Task details: Give back a single figure: the number of lines in the entries below that contain "color".

(Records drawn from a dataset)
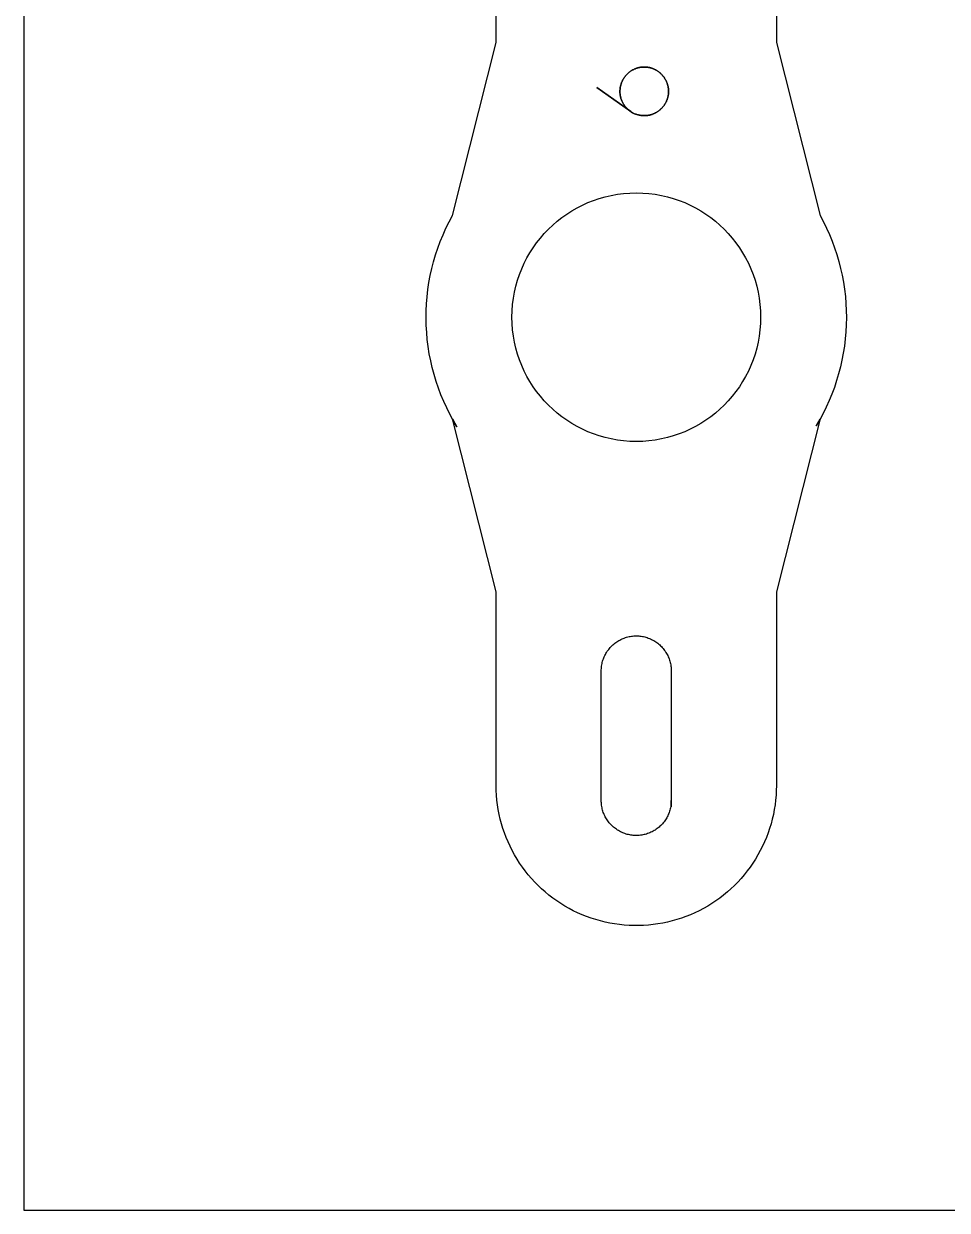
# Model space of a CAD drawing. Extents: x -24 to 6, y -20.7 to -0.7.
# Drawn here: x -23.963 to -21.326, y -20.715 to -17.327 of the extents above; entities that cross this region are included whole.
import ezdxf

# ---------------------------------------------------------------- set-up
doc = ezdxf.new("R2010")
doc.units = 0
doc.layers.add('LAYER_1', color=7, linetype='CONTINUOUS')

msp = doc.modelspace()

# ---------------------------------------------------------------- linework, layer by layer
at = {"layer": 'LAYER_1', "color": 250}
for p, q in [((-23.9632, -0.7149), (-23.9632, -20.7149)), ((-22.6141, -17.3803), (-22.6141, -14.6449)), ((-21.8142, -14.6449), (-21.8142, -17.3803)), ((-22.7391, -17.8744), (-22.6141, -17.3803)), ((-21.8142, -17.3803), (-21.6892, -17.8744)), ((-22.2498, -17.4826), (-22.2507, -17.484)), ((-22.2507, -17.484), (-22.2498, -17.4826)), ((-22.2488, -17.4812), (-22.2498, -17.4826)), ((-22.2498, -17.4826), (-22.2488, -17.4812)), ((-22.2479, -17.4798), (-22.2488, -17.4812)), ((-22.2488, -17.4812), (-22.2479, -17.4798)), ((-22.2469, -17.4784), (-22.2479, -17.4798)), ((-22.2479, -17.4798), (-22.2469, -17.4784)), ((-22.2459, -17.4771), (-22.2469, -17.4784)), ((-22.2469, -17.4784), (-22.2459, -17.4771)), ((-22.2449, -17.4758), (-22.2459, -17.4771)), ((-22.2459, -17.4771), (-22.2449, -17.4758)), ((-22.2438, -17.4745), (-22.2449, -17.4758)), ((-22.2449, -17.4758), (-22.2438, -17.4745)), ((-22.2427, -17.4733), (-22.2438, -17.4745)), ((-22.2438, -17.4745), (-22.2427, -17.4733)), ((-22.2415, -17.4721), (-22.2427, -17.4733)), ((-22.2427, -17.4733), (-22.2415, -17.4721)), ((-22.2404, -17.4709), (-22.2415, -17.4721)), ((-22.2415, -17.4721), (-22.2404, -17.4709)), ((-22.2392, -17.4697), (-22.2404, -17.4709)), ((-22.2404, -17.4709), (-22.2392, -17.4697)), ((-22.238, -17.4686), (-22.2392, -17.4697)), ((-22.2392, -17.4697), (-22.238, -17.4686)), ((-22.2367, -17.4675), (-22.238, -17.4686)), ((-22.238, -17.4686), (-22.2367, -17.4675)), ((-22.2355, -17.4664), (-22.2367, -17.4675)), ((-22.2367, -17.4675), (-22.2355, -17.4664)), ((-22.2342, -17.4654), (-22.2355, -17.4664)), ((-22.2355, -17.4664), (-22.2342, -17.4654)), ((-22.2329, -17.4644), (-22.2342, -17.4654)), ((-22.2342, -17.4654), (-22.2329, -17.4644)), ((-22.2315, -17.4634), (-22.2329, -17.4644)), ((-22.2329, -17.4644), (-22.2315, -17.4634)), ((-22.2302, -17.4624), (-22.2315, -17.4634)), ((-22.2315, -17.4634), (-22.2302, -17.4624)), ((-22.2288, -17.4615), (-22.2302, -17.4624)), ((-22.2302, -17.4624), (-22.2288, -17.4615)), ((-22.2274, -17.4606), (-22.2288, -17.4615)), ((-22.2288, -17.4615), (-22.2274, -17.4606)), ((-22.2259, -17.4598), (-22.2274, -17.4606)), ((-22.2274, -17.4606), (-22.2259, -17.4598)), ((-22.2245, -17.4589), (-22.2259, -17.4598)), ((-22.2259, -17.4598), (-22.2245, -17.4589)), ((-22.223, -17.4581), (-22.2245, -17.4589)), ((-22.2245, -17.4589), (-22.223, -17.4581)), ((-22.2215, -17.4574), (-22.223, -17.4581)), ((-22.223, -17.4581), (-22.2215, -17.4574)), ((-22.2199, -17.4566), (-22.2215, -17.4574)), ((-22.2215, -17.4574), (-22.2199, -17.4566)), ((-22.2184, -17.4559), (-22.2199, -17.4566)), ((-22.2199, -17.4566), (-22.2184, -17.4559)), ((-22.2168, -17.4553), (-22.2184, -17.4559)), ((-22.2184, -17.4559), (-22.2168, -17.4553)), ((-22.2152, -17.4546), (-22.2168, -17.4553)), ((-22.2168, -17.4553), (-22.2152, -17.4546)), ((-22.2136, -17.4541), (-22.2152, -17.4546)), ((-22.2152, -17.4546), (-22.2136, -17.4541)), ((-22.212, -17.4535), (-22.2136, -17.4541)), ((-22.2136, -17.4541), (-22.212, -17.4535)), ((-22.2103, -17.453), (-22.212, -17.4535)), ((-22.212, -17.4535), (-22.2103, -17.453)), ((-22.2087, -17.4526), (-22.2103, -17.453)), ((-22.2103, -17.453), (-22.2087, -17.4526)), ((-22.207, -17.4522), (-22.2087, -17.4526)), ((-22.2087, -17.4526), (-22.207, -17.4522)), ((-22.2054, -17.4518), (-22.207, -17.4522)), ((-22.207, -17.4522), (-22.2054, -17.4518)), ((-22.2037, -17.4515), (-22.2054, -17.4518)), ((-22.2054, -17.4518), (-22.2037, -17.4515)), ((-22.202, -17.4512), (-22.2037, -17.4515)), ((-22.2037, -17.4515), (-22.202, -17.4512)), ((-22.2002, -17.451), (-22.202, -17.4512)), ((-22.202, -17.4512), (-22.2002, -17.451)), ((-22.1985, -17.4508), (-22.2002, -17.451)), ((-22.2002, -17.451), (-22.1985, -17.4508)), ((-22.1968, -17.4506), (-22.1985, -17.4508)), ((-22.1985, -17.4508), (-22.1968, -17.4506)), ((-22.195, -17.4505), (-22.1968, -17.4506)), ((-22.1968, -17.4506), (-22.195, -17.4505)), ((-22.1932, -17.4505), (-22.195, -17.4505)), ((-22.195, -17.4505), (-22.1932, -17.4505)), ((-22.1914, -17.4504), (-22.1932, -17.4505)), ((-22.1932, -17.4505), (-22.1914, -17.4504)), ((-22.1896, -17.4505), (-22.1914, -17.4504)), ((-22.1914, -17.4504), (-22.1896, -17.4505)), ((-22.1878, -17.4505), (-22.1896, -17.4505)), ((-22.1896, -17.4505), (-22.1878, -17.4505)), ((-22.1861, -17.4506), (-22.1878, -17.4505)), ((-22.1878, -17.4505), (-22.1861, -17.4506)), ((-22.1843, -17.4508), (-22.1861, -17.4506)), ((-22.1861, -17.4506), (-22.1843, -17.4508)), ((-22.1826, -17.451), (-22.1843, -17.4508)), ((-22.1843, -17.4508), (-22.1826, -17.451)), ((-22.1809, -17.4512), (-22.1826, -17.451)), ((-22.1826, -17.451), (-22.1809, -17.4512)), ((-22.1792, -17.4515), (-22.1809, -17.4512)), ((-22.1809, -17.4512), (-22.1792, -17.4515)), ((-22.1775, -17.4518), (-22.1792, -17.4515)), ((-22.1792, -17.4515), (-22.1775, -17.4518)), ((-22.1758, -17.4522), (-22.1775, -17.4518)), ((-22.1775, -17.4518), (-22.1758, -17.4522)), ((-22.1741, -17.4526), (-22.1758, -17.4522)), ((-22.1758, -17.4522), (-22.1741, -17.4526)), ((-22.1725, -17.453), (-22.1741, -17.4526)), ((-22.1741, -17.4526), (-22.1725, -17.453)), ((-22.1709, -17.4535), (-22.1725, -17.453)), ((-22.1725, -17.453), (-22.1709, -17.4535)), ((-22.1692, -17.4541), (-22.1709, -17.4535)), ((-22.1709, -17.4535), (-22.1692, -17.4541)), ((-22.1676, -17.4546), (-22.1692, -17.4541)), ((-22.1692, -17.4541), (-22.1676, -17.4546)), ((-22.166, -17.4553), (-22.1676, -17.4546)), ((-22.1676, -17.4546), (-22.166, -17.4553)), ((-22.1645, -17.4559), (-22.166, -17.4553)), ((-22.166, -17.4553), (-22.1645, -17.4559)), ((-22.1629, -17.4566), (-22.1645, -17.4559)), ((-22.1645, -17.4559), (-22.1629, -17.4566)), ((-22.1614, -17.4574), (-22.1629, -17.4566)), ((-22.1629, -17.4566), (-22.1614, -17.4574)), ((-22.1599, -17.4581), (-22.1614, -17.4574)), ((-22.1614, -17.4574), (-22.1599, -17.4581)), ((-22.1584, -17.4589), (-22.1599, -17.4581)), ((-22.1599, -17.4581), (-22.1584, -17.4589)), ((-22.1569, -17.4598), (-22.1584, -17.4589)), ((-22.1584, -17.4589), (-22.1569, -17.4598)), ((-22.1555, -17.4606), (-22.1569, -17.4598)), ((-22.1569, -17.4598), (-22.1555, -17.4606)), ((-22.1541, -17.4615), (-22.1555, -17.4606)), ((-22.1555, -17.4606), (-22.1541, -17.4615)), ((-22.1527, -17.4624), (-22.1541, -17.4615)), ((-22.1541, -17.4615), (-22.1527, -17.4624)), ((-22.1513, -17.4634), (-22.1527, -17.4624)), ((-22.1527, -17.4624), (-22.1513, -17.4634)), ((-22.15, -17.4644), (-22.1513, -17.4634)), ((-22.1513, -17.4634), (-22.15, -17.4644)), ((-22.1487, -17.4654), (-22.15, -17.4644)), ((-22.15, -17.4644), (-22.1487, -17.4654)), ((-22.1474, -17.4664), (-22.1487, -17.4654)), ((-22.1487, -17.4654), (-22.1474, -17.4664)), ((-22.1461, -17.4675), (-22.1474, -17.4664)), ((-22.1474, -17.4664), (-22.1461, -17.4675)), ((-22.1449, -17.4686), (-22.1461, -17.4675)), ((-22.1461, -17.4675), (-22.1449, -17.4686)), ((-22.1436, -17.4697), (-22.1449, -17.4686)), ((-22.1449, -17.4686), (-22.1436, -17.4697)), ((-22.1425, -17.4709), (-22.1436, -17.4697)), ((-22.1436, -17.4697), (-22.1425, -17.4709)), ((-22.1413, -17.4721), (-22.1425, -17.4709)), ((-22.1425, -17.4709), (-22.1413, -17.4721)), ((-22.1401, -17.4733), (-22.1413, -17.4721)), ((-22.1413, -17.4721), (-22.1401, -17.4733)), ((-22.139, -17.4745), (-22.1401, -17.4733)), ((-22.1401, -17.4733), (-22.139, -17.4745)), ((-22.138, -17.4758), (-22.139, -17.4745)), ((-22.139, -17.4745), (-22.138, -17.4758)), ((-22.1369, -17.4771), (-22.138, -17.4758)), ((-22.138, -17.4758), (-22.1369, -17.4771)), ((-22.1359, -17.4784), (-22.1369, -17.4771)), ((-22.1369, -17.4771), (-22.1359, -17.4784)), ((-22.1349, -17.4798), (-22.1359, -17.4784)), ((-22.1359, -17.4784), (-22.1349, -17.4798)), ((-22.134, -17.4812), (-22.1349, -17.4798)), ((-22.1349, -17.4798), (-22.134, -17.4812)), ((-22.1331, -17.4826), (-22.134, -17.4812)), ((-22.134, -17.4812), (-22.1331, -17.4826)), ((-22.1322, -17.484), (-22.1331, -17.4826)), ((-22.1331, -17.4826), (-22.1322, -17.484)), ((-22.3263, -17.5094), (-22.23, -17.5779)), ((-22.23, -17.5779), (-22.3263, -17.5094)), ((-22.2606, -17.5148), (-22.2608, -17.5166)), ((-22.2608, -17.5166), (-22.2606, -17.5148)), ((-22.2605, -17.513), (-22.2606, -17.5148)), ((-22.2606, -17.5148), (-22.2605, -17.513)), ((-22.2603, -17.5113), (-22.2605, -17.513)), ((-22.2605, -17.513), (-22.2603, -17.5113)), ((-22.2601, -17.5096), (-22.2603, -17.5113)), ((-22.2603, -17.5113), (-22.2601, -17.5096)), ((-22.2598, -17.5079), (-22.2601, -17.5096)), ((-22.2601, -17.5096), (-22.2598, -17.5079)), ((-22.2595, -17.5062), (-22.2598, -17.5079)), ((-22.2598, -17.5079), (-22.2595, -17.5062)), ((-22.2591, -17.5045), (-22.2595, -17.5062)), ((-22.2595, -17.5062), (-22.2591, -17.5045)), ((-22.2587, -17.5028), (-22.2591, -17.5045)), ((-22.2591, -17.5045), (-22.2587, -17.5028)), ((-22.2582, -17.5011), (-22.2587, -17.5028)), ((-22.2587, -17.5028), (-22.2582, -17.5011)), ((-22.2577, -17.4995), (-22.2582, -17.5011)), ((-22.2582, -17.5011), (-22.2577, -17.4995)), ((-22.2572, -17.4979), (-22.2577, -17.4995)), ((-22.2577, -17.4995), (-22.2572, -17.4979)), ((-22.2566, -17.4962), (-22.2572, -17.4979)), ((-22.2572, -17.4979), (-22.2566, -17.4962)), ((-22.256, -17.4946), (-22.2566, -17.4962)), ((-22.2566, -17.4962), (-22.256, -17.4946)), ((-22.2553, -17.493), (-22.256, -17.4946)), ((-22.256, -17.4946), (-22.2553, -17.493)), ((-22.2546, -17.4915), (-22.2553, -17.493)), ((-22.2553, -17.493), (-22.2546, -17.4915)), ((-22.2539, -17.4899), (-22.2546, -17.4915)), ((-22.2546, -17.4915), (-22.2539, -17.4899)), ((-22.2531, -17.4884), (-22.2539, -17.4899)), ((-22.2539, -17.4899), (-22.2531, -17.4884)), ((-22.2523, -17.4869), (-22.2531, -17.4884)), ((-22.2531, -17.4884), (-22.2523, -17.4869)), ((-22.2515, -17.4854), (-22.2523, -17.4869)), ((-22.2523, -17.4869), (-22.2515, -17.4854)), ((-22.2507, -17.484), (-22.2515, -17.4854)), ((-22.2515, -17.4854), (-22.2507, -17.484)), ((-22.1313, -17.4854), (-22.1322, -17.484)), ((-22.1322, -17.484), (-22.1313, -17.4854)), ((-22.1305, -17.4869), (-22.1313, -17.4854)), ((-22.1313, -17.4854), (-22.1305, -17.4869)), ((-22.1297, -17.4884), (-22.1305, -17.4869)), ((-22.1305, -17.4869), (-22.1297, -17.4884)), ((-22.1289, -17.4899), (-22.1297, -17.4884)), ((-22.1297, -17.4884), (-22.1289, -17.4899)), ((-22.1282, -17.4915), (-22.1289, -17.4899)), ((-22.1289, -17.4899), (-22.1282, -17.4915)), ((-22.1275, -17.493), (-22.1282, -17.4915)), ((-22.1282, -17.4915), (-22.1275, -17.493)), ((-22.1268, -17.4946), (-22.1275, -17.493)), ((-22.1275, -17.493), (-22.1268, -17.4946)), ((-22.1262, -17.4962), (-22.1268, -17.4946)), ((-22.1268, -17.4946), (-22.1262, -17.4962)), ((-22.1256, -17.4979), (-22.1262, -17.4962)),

Response to the task: 2